Lamorak shrugged in disgust. "Then break the strike. Force him."

"How?" said the Chief Councillor. "Who would touch him or go near him? And if we kill him by blasting from a distance, how will that help us?"

Lamorak said, thoughtfully, "Would you know how to run his machinery?"

The Chief Councillor came to his feet. "I?" he howled.

"I don't mean you," cried Lamorak at once. "I used the pronoun in its indefinite sense. Could someone learn how to handle Ragusnik's machinery?"

Slowly, the passion drained out of the Chief Councillor. "It is in the handbooks, I am certain-though I assure you I have never concerned myself with it."

"Then couldn't someone learn the procedure and substitute for Ragusnik until the man gives in?"

Blei said, "Who would agree to do such a thing? Not I, under any circumstances."

Lamorak thought fleetingly of Earthly taboos that might be almost as strong. He thought of cannibalism, incest, a pious man cursing God. He said, "But you must have made provision for vacancy in the Ragusnik job. Suppose he died."

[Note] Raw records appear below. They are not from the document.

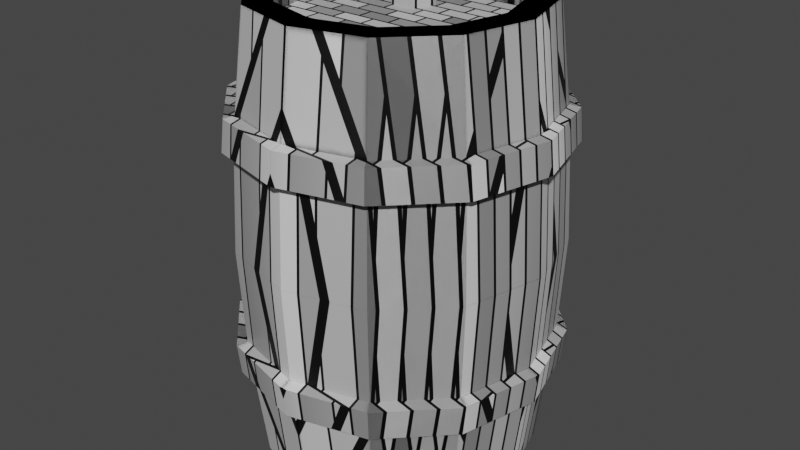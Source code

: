 # Source: MockProject.blend  (saved by Blender 2.93.21; exported with 4.5.12 LTS)
import bpy
from mathutils import Matrix  # noqa: F401  (used for matrix-valued properties, if any)

bpy.ops.wm.read_factory_settings(use_empty=True)
scene = bpy.context.scene
scene.name = 'Scene'

# ---- collections
col_collection = bpy.data.collections.new('Collection'); scene.collection.children.link(col_collection)

# ---- materials (node trees are filled in below, after node groups)
mat_material_001 = bpy.data.materials.new('Material.001')
mat_material_001.use_transparent_shadow = False

# ---- node groups
ng_auto_smooth = bpy.data.node_groups.new('Auto Smooth', 'GeometryNodeTree')
_s = ng_auto_smooth.interface.new_socket(name='Geometry', in_out='OUTPUT', socket_type='NodeSocketGeometry')
_s = ng_auto_smooth.interface.new_socket(name='Geometry', in_out='INPUT', socket_type='NodeSocketGeometry')
_s = ng_auto_smooth.interface.new_socket(name='Angle', in_out='INPUT', socket_type='NodeSocketFloat')
_s.subtype = 'ANGLE'
_s.min_value = 0.0
_s.max_value = 3.142
ng_auto_smooth.is_modifier = True
_N = ng_auto_smooth.nodes; _L = ng_auto_smooth.links
n0 = _N.new('NodeGroupOutput'); n0.name = 'Group Output'; n0.location = (480, -100)
n1 = _N.new('NodeGroupInput'); n1.name = 'Group Input'; n1.location = (-420, -300)
n2 = _N.new('NodeGroupInput'); n2.name = 'Group Input.001'; n2.location = (-60, -100)
n3 = _N.new('GeometryNodeSetShadeSmooth'); n3.name = 'Set Shade Smooth'; n3.location = (120, -100)
n3.domain = 'EDGE'
n4 = _N.new('GeometryNodeSetShadeSmooth'); n4.name = 'Set Shade Smooth.001'; n4.location = (300, -100)
n5 = _N.new('GeometryNodeInputMeshEdgeAngle'); n5.name = 'Edge Angle'; n5.location = (-420, -220)
n6 = _N.new('GeometryNodeInputEdgeSmooth'); n6.name = 'Is Edge Smooth'; n6.location = (-60, -160)
n7 = _N.new('GeometryNodeInputShadeSmooth'); n7.name = 'Is Face Smooth'; n7.location = (-240, -340)
n8 = _N.new('FunctionNodeBooleanMath'); n8.name = 'Boolean Math'; n8.location = (-60, -220)
n9 = _N.new('FunctionNodeCompare'); n9.name = 'Compare'; n9.location = (-240, -180)
n9.operation = 'LESS_EQUAL'
_L.new(n5.outputs[0], n9.inputs[0])
_L.new(n4.outputs[0], n0.inputs[0])
_L.new(n1.outputs[1], n9.inputs[1])
_L.new(n9.outputs[0], n8.inputs[0])
_L.new(n7.outputs[0], n8.inputs[1])
_L.new(n2.outputs[0], n3.inputs[0])
_L.new(n6.outputs[0], n3.inputs[1])
_L.new(n3.outputs[0], n4.inputs[0])
_L.new(n8.outputs[0], n3.inputs[2])
n0.is_active_output = True

# ---- material node trees
mat_material_001.use_nodes = True; mat_material_001.node_tree.nodes.clear()
_N = mat_material_001.node_tree.nodes; _L = mat_material_001.node_tree.links
n0 = _N.new('ShaderNodeBsdfPrincipled'); n0.name = 'Principled BSDF'; n0.location = (10, 300)
n0.distribution = 'GGX'
n0.subsurface_method = 'BURLEY'
n0.inputs[3].default_value = 1.45
n0.inputs[27].default_value = (0.0, 0.0, 0.0, 1.0)
n0.inputs[28].default_value = 1.0
n1 = _N.new('ShaderNodeOutputMaterial'); n1.name = 'Material Output'; n1.location = (300, 300)
n2 = _N.new('ShaderNodeTexBrick'); n2.name = 'Brick Texture'; n2.location = (-280, 256)
_L.new(n0.outputs[0], n1.inputs[0])
_L.new(n2.outputs[0], n0.inputs[0])
n1.is_active_output = True

# ---- world
world_world = bpy.data.worlds.new('World'); scene.world = world_world
world_world.use_nodes = True; world_world.node_tree.nodes.clear()
_N = world_world.node_tree.nodes; _L = world_world.node_tree.links
n0 = _N.new('ShaderNodeOutputWorld'); n0.name = 'World Output'; n0.location = (300, 300)
n1 = _N.new('ShaderNodeBackground'); n1.name = 'Background'; n1.location = (10, 300)
n1.inputs[0].default_value = (0.05088, 0.05088, 0.05088, 1.0)
_L.new(n1.outputs[0], n0.inputs[0])
n0.is_active_output = True
world_world.color = (0.05088, 0.05088, 0.05088)
world_world.use_sun_shadow = False
world_world.sun_shadow_jitter_overblur = 0.0

# ---- meshes
me_cylinder = bpy.data.meshes.new('Cylinder')
me_cylinder.from_pydata([(0.1375, 0.2382, 0.9), (0.2382, 0.1375, 0.9), (0.275, -4.57e-09, 0.9), (0.2382, -0.1375, 0.9), (0.1375, -0.2382, 0.9), (-0.1375, -0.2382, 0.9), (-0.2382, -0.1375, 0.9), (-0.275, 1.073e-08, 0.9), (-0.2382, 0.1375, 0.9), (-0.1375, 0.2382, 0.9), (-0.1627, -0.2818, 0.6463), (-0.1595, -0.2762, 0.7074), (-0.2818, -0.1627, 0.6463), (-0.2762, -0.1595, 0.7074), (-0.3254, 1.122e-08, 0.6463), (-0.319, 1.113e-08, 0.7074), (-0.2818, 0.1627, 0.6463), (-0.2762, 0.1595, 0.7074), (-0.1627, 0.2818, 0.6463), (-0.1595, 0.2762, 0.7074), (-0.1491, 0.2582, 0.7113), (-0.1523, 0.2637, 0.6387), (-0.2582, 0.1491, 0.7113), (-0.2637, 0.1523, 0.6387), (-0.2981, 1.113e-08, 0.7113), (-0.3045, 1.122e-08, 0.6387), (-0.2582, -0.1491, 0.7113), (-0.2637, -0.1523, 0.6387), (-0.1491, -0.2582, 0.7113), (-0.1523, -0.2637, 0.6387), (0.1491, -0.2582, 0.7113), (0.1523, -0.2637, 0.6387), (0.2582, -0.1491, 0.7113), (0.2637, -0.1523, 0.6387), (0.2981, -5.453e-09, 0.7113), (0.3045, -5.726e-09, 0.6387), (0.2582, 0.1491, 0.7113), (0.2637, 0.1523, 0.6387), (0.1491, 0.2582, 0.7113), (0.1523, 0.2637, 0.6387), (0.1627, 0.2818, 0.6463), (0.1595, 0.2762, 0.7074), (0.2818, 0.1627, 0.6463), (0.2762, 0.1595, 0.7074), (0.3254, -7.395e-09, 0.6463), (0.319, -7.075e-09, 0.7074), (0.2818, -0.1627, 0.6463), (0.2762, -0.1595, 0.7074), (0.1627, -0.2818, 0.6463), (0.1595, -0.2762, 0.7074), (0.1105, 0.1913, 0.9), (0.1913, 0.1105, 0.9), (0.2209, -1.963e-09, 0.9), (0.1913, -0.1105, 0.9), (0.1105, -0.1913, 0.9), (-0.1105, -0.1913, 0.9), (-0.1913, -0.1105, 0.9), (-0.2209, 1.033e-08, 0.9), (-0.1913, 0.1105, 0.9), (-0.1105, 0.1913, 0.9), (0.1105, 0.1913, 0.8488), (0.1913, 0.1105, 0.8488), (0.2209, -1.963e-09, 0.8488), (0.1913, -0.1105, 0.8488), (0.1105, -0.1913, 0.8488), (-0.1105, -0.1913, 0.8488), (-0.1913, -0.1105, 0.8488), (-0.2209, 1.033e-08, 0.8488), (-0.1913, 0.1105, 0.8488), (-0.1105, 0.1913, 0.8488), (-1.242e-09, 0.275, 0.9), (-0.1375, 0.2382, 0.9), (-0.2382, 0.1375, 0.9), (-0.275, -4.57e-09, 0.9), (-0.2382, -0.1375, 0.9), (-0.1375, -0.2382, 0.9), (-1.242e-09, -0.275, 0.9), (0.1375, -0.2382, 0.9), (0.2382, -0.1375, 0.9), (0.275, 1.073e-08, 0.9), (0.2382, 0.1375, 0.9), (0.1375, 0.2382, 0.9), (0.1627, -0.2818, 0.6463), (0.1595, -0.2762, 0.7074), (0.2818, -0.1627, 0.6463), (0.2762, -0.1595, 0.7074), (0.3254, 1.122e-08, 0.6463), (0.319, 1.113e-08, 0.7074), (0.2818, 0.1627, 0.6463), (0.2762, 0.1595, 0.7074), (-1.242e-09, 0.3254, 0.6463), (-1.242e-09, 0.319, 0.7074), (0.1627, 0.2818, 0.6463), (0.1595, 0.2762, 0.7074), (0.1491, 0.2582, 0.7113), (0.1523, 0.2637, 0.6387), (-1.242e-09, 0.2981, 0.7113), (-1.242e-09, 0.3045, 0.6387), (0.2582, 0.1491, 0.7113), (0.2637, 0.1523, 0.6387), (0.2981, 1.113e-08, 0.7113), (0.3045, 1.122e-08, 0.6387), (0.2582, -0.1491, 0.7113), (0.2637, -0.1523, 0.6387), (0.1491, -0.2582, 0.7113), (0.1523, -0.2637, 0.6387), (-1.242e-09, -0.2981, 0.7113), (-1.242e-09, -0.3045, 0.6387), (-0.1491, -0.2582, 0.7113), (-0.1523, -0.2637, 0.6387), (-0.2582, -0.1491, 0.7113), (-0.2637, -0.1523, 0.6387), (-0.2981, -5.453e-09, 0.7113), (-0.3045, -5.726e-09, 0.6387), (-0.2582, 0.1491, 0.7113), (-0.2637, 0.1523, 0.6387), (-0.1491, 0.2582, 0.7113), (-0.1523, 0.2637, 0.6387), (-0.1627, 0.2818, 0.6463), (-0.1595, 0.2762, 0.7074), (-0.2818, 0.1627, 0.6463), (-0.2762, 0.1595, 0.7074), (-0.3254, -7.395e-09, 0.6463), (-0.319, -7.075e-09, 0.7074), (-0.2818, -0.1627, 0.6463), (-0.2762, -0.1595, 0.7074), (-0.1627, -0.2818, 0.6463), (-0.1595, -0.2762, 0.7074), (-1.242e-09, -0.3254, 0.6463), (-1.242e-09, -0.319, 0.7074), (-1.242e-09, 0.2209, 0.9), (-0.1105, 0.1913, 0.9), (-0.1913, 0.1105, 0.9), (-0.2209, -1.963e-09, 0.9), (-0.1913, -0.1105, 0.9), (-0.1105, -0.1913, 0.9), (-1.242e-09, -0.2209, 0.9), (0.1105, -0.1913, 0.9), (0.1913, -0.1105, 0.9), (0.2209, 1.033e-08, 0.9), (0.1913, 0.1105, 0.9), (0.1105, 0.1913, 0.9), (-1.242e-09, 0.2209, 0.8488), (-0.1105, 0.1913, 0.8488), (-0.1913, 0.1105, 0.8488), (-0.2209, -1.963e-09, 0.8488), (-0.1913, -0.1105, 0.8488), (-0.1105, -0.1913, 0.8488), (-1.242e-09, -0.2209, 0.8488), (0.1105, -0.1913, 0.8488), (0.1913, -0.1105, 0.8488), (0.2209, 1.033e-08, 0.8488), (0.1913, 0.1105, 0.8488), (0.1105, 0.1913, 0.8488), (0.1375, 0.2382, 0.0), (0.2382, 0.1375, 0.0), (0.275, -4.57e-09, 0.0), (0.2382, -0.1375, 0.0), (0.1375, -0.2382, 0.0), (-0.1375, -0.2382, 0.0), (-0.2382, -0.1375, 0.0), (-0.275, 1.073e-08, 0.0), (-0.2382, 0.1375, 0.0), (-0.1375, 0.2382, 0.0), (-0.1627, -0.2818, 0.2537), (-0.1595, -0.2762, 0.1926), (0.1573, 0.2724, 0.45), (-0.2818, -0.1627, 0.2537), (0.2724, 0.1573, 0.45), (-0.2762, -0.1595, 0.1926), (0.3146, -6.259e-09, 0.45), (-0.3254, 1.122e-08, 0.2537), (0.2724, -0.1573, 0.45), (-0.319, 1.113e-08, 0.1926), (0.1573, -0.2724, 0.45), (-0.2818, 0.1627, 0.2537), (-0.2762, 0.1595, 0.1926), (-0.1573, -0.2724, 0.45), (-0.2724, -0.1573, 0.45), (-0.3146, 1.124e-08, 0.45), (-0.1627, 0.2818, 0.2537), (-0.2724, 0.1573, 0.45), (-0.1595, 0.2762, 0.1926), (-0.1573, 0.2724, 0.45), (-0.1491, 0.2582, 0.1887), (-0.1523, 0.2637, 0.2613), (-0.2582, 0.1491, 0.1887), (-0.2637, 0.1523, 0.2613), (-0.2981, 1.113e-08, 0.1887), (-0.3045, 1.122e-08, 0.2613), (-0.2582, -0.1491, 0.1887), (-0.2637, -0.1523, 0.2613), (-0.1491, -0.2582, 0.1887), (-0.1523, -0.2637, 0.2613), (0.1491, -0.2582, 0.1887), (0.1523, -0.2637, 0.2613), (0.2582, -0.1491, 0.1887), (0.2637, -0.1523, 0.2613), (0.2981, -5.453e-09, 0.1887), (0.3045, -5.726e-09, 0.2613), (0.2582, 0.1491, 0.1887), (0.2637, 0.1523, 0.2613), (0.1491, 0.2582, 0.1887), (0.1523, 0.2637, 0.2613), (0.1627, 0.2818, 0.2537), (0.1595, 0.2762, 0.1926), (0.2818, 0.1627, 0.2537), (0.2762, 0.1595, 0.1926), (0.3254, -7.395e-09, 0.2537), (0.319, -7.075e-09, 0.1926), (0.2818, -0.1627, 0.2537), (0.2762, -0.1595, 0.1926), (0.1627, -0.2818, 0.2537), (0.1595, -0.2762, 0.1926), (0.1105, 0.1913, 0.0), (0.1913, 0.1105, 0.0), (0.2209, -1.963e-09, 0.0), (0.1913, -0.1105, 0.0), (0.1105, -0.1913, 0.0), (-0.1105, -0.1913, 0.0), (-0.1913, -0.1105, 0.0), (-0.2209, 1.033e-08, 0.0), (-0.1913, 0.1105, 0.0), (-0.1105, 0.1913, 0.0), (0.1105, 0.1913, 0.05123), (0.1913, 0.1105, 0.05123), (0.2209, -1.963e-09, 0.05123), (0.1913, -0.1105, 0.05123), (0.1105, -0.1913, 0.05123), (-0.1105, -0.1913, 0.05123), (-0.1913, -0.1105, 0.05123), (-0.2209, 1.033e-08, 0.05123), (-0.1913, 0.1105, 0.05123), (-0.1105, 0.1913, 0.05123), (-1.242e-09, 0.275, 0.0), (-0.1375, 0.2382, 0.0), (-0.2382, 0.1375, 0.0), (-0.275, -4.57e-09, 0.0), (-0.2382, -0.1375, 0.0), (-0.1375, -0.2382, 0.0), (-1.242e-09, -0.275, 0.0), (0.1375, -0.2382, 0.0), (0.2382, -0.1375, 0.0), (0.275, 1.073e-08, 0.0), (0.2382, 0.1375, 0.0), (0.1375, 0.2382, 0.0), (-1.242e-09, 0.3146, 0.45), (0.1627, -0.2818, 0.2537), (0.1595, -0.2762, 0.1926), (-0.1573, 0.2724, 0.45), (0.2818, -0.1627, 0.2537), (-0.2724, 0.1573, 0.45), (0.2762, -0.1595, 0.1926), (-0.3146, -6.259e-09, 0.45), (0.3254, 1.122e-08, 0.2537), (-0.2724, -0.1573, 0.45), (0.319, 1.113e-08, 0.1926), (-0.1573, -0.2724, 0.45), (0.2818, 0.1627, 0.2537), (-1.242e-09, -0.3146, 0.45), (0.2762, 0.1595, 0.1926), (0.1573, -0.2724, 0.45), (-1.242e-09, 0.3254, 0.2537), (0.2724, -0.1573, 0.45), (-1.242e-09, 0.319, 0.1926), (0.3146, 1.124e-08, 0.45), (0.1627, 0.2818, 0.2537), (0.2724, 0.1573, 0.45), (0.1595, 0.2762, 0.1926), (0.1573, 0.2724, 0.45), (0.1491, 0.2582, 0.1887), (0.1523, 0.2637, 0.2613), (-1.242e-09, 0.2981, 0.1887), (-1.242e-09, 0.3045, 0.2613), (0.2582, 0.1491, 0.1887), (0.2637, 0.1523, 0.2613), (0.2981, 1.113e-08, 0.1887), (0.3045, 1.122e-08, 0.2613), (0.2582, -0.1491, 0.1887), (0.2637, -0.1523, 0.2613), (0.1491, -0.2582, 0.1887), (0.1523, -0.2637, 0.2613), (-1.242e-09, -0.2981, 0.1887), (-1.242e-09, -0.3045, 0.2613), (-0.1491, -0.2582, 0.1887), (-0.1523, -0.2637, 0.2613), (-0.2582, -0.1491, 0.1887), (-0.2637, -0.1523, 0.2613), (-0.2981, -5.453e-09, 0.1887), (-0.3045, -5.726e-09, 0.2613), (-0.2582, 0.1491, 0.1887), (-0.2637, 0.1523, 0.2613), (-0.1491, 0.2582, 0.1887), (-0.1523, 0.2637, 0.2613), (-0.1627, 0.2818, 0.2537), (-0.1595, 0.2762, 0.1926), (-0.2818, 0.1627, 0.2537), (-0.2762, 0.1595, 0.1926), (-0.3254, -7.395e-09, 0.2537), (-0.319, -7.075e-09, 0.1926), (-0.2818, -0.1627, 0.2537), (-0.2762, -0.1595, 0.1926), (-0.1627, -0.2818, 0.2537), (-0.1595, -0.2762, 0.1926), (-1.242e-09, -0.3254, 0.2537), (-1.242e-09, -0.319, 0.1926), (-1.242e-09, 0.2209, 0.0), (-0.1105, 0.1913, 0.0), (-0.1913, 0.1105, 0.0), (-0.2209, -1.963e-09, 0.0), (-0.1913, -0.1105, 0.0), (-0.1105, -0.1913, 0.0), (-1.242e-09, -0.2209, 0.0), (0.1105, -0.1913, 0.0), (0.1913, -0.1105, 0.0), (0.2209, 1.033e-08, 0.0), (0.1913, 0.1105, 0.0), (0.1105, 0.1913, 0.0), (-1.242e-09, 0.2209, 0.05123), (-0.1105, 0.1913, 0.05123), (-0.1913, 0.1105, 0.05123), (-0.2209, -1.963e-09, 0.05123), (-0.1913, -0.1105, 0.05123), (-0.1105, -0.1913, 0.05123), (-1.242e-09, -0.2209, 0.05123), (0.1105, -0.1913, 0.05123), (0.1913, -0.1105, 0.05123), (0.2209, 1.033e-08, 0.05123), (0.1913, 0.1105, 0.05123), (0.1105, 0.1913, 0.05123), (-0.04471, 0.1348, 0.8478), (-0.08478, 0.1057, 0.8478), (-0.06947, 0.05861, 0.8478), (-0.01994, 0.05861, 0.8478), (-0.00463, 0.1057, 0.8478), (-0.04471, 0.1348, 0.8701), (-0.08478, 0.1057, 0.8701), (-0.06947, 0.05861, 0.8701), (-0.01994, 0.05861, 0.8701), (-0.00463, 0.1057, 0.8701)], [], [(15, 17, 16, 14), (13, 15, 14, 12), (11, 13, 12, 10), (129, 11, 10, 128), (49, 129, 128, 48), (47, 49, 48, 46), (45, 47, 46, 44), (43, 45, 44, 42), (41, 43, 42, 40), (91, 41, 40, 90), (19, 91, 90, 18), (107, 31, 48, 128), (36, 34, 45, 43), (23, 25, 14, 16), (106, 28, 11, 129), (35, 37, 42, 44), (22, 20, 19, 17), (29, 107, 128, 10), (34, 32, 47, 45), (97, 21, 18, 90), (28, 26, 13, 11), (33, 35, 44, 46), (96, 38, 41, 91), (17, 19, 18, 16), (20, 9, 70, 96), (181, 23, 21, 183), (96, 70, 0, 38), (183, 21, 97, 246), (22, 8, 9, 20), (179, 25, 23, 181), (24, 7, 8, 22), (178, 27, 25, 179), (26, 6, 7, 24), (177, 29, 27, 178), (28, 5, 6, 26), (259, 107, 29, 177), (106, 76, 5, 28), (174, 31, 107, 259), (30, 4, 76, 106), (172, 33, 31, 174), (32, 3, 4, 30), (170, 35, 33, 172), (34, 2, 3, 32), (168, 37, 35, 170), (36, 1, 2, 34), (166, 39, 37, 168), (38, 0, 1, 36), (246, 97, 39, 166), (27, 29, 10, 12), (24, 22, 17, 15), (37, 39, 40, 42), (30, 106, 129, 49), (25, 27, 12, 14), (38, 36, 43, 41), (20, 96, 91, 19), (31, 33, 46, 48), (26, 24, 15, 13), (39, 97, 90, 40), (21, 23, 16, 18), (32, 30, 49, 47), (3, 2, 52, 53), (9, 8, 58, 59), (0, 70, 130, 50), (6, 5, 55, 56), (4, 3, 53, 54), (70, 9, 59, 130), (1, 0, 50, 51), (7, 6, 56, 57), (76, 4, 54, 136), (2, 1, 51, 52), (8, 7, 57, 58), (5, 76, 136, 55), (57, 56, 66, 67), (136, 54, 64, 148), (52, 51, 61, 62), (58, 57, 67, 68), (55, 136, 148, 65), (53, 52, 62, 63), (59, 58, 68, 69), (50, 130, 142, 60), (56, 55, 65, 66), (54, 53, 63, 64), (130, 59, 69, 142), (51, 50, 60, 61), (67, 66, 68), (65, 69, 68, 66), (148, 142, 69, 65), (87, 86, 88, 89), (85, 84, 86, 87), (83, 82, 84, 85), (129, 128, 82, 83), (127, 126, 128, 129), (125, 124, 126, 127), (123, 122, 124, 125), (121, 120, 122, 123), (119, 118, 120, 121), (91, 90, 118, 119), (93, 92, 90, 91), (107, 128, 126, 109), (114, 121, 123, 112), (99, 88, 86, 101), (106, 129, 83, 104), (113, 122, 120, 115), (98, 89, 93, 94), (105, 82, 128, 107), (112, 123, 125, 110), (97, 90, 92, 95), (104, 83, 85, 102), (111, 124, 122, 113), (96, 91, 119, 116), (89, 88, 92, 93), (94, 96, 70, 81), (267, 269, 95, 99), (96, 116, 71, 70), (269, 246, 97, 95), (98, 94, 81, 80), (265, 267, 99, 101), (100, 98, 80, 79), (263, 265, 101, 103), (102, 100, 79, 78), (261, 263, 103, 105), (104, 102, 78, 77), (259, 261, 105, 107), (106, 104, 77, 76), (257, 259, 107, 109), (108, 106, 76, 75), (255, 257, 109, 111), (110, 108, 75, 74), (253, 255, 111, 113), (112, 110, 74, 73), (251, 253, 113, 115), (114, 112, 73, 72), (249, 251, 115, 117), (116, 114, 72, 71), (246, 249, 117, 97), (103, 84, 82, 105), (100, 87, 89, 98), (115, 120, 118, 117), (108, 127, 129, 106), (101, 86, 84, 103), (116, 119, 121, 114), (94, 93, 91, 96), (109, 126, 124, 111), (102, 85, 87, 100), (117, 118, 90, 97), (95, 92, 88, 99), (110, 125, 127, 108), (74, 134, 133, 73), (81, 141, 140, 80), (71, 131, 130, 70), (78, 138, 137, 77), (75, 135, 134, 74), (70, 130, 141, 81), (72, 132, 131, 71), (79, 139, 138, 78), (76, 136, 135, 75), (73, 133, 132, 72), (80, 140, 139, 79), (77, 137, 136, 76), (139, 151, 150, 138), (136, 148, 147, 135), (133, 145, 144, 132), (140, 152, 151, 139), (137, 149, 148, 136), (134, 146, 145, 133), (141, 153, 152, 140), (131, 143, 142, 130), (138, 150, 149, 137), (135, 147, 146, 134), (130, 142, 153, 141), (132, 144, 143, 131), (151, 152, 150), (149, 150, 152, 153), (148, 149, 153, 142), (173, 171, 175, 176), (169, 167, 171, 173), (165, 164, 167, 169), (305, 304, 164, 165), (213, 212, 304, 305), (211, 210, 212, 213), (209, 208, 210, 211), (207, 206, 208, 209), (205, 204, 206, 207), (264, 262, 204, 205), (182, 180, 262, 264), (283, 304, 212, 195), (200, 207, 209, 198), (187, 175, 171, 189), (282, 305, 165, 192), (199, 208, 206, 201), (186, 176, 182, 184), (193, 164, 304, 283), (198, 209, 211, 196), (273, 262, 180, 185), (192, 165, 169, 190), (197, 210, 208, 199), (272, 264, 205, 202), (176, 175, 180, 182), (184, 272, 234, 163), (181, 183, 185, 187), (272, 202, 154, 234), (183, 246, 273, 185), (186, 184, 163, 162), (179, 181, 187, 189), (188, 186, 162, 161), (178, 179, 189, 191), (190, 188, 161, 160), (177, 178, 191, 193), (192, 190, 160, 159), (259, 177, 193, 283), (282, 192, 159, 240), (174, 259, 283, 195), (194, 282, 240, 158), (172, 174, 195, 197), (196, 194, 158, 157), (170, 172, 197, 199), (198, 196, 157, 156), (168, 170, 199, 201), (200, 198, 156, 155), (166, 168, 201, 203), (202, 200, 155, 154), (246, 166, 203, 273), (191, 167, 164, 193), (188, 173, 176, 186), (201, 206, 204, 203), (194, 213, 305, 282), (189, 171, 167, 191), (202, 205, 207, 200), (184, 182, 264, 272), (195, 212, 210, 197), (190, 169, 173, 188), (203, 204, 262, 273), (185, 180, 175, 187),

"Then his son would automatically succeed to his job, or his nearest other relative," said Blei.

"What if he had no adult relatives? What if all his family died at once?"

"That has never happened; it will never happen."

The Chief Councillor added, "If there were danger of it, we might, perhaps, place a baby or two with the Ragusniks and have it raised to the profession."

"Ah. And how would you choose that baby?"

"From among children of mothers who died in childbirth, as we choose the future Ragusnik bride."

"Then choose a substitute Ragusnik now, by lot," said Lamorak.

The Chief Councillor said, "No! Impossible! How can you suggest that? If we select a baby, that baby is brought up to the life; it knows no other. At this point, it would be necessary to choose an adult and subject him to Ragusnik-hood. No, Dr. Lamorak, we are neither monsters nor abandoned brutes."

No use, thought Lamorak helplessly. No use, unless-

He couldn't bring himself to face that unless just yet.

That night, Lamorak slept scarcely at all. Ragusnik asked for only the basic elements of humanity. But opposing that were thirty thousand Elseverians who faced death.

The welfare of thirty thousand on one side; the just demands of one family on the other. Could one say that thirty thousand who would support such injustice deserved to die? Injustice by what standards? Earth's? Elsevere's? And who was Lamorak that he should judge?

And Ragusnik? He was willing to let thirty thousand die, including men and women who merely accepted a situation they had been taught to accept and could not change if they wished to. And children who had nothing at all to do with it.

Thirty thousand on one side; a single family on the other.

Lamorak made his decision in something that was almost despair; in the morning he called the Chief Councillor.

He said, "Sir, if you can find a substitute, Ragusnik will see that he has lost all chance to force a decision in his favor and will return to work."

"There can be no substitute," sighed the Chief Councillor; "I have explained that."

"No substitute among the Elseverians, but I am not an Elseverian; it doesn't matter to me. I will substitute."

They were excited, much more excited than Lamorak himself. A dozen times they asked him if he was serious.

Lamorak had not shaved, and he felt sick, "Certainly, I'm serious. And any time Ragusnik acts like this, you can always import a substitute. No other world has the taboo and there will always be plenty of temporary substitutes available if you pay enough."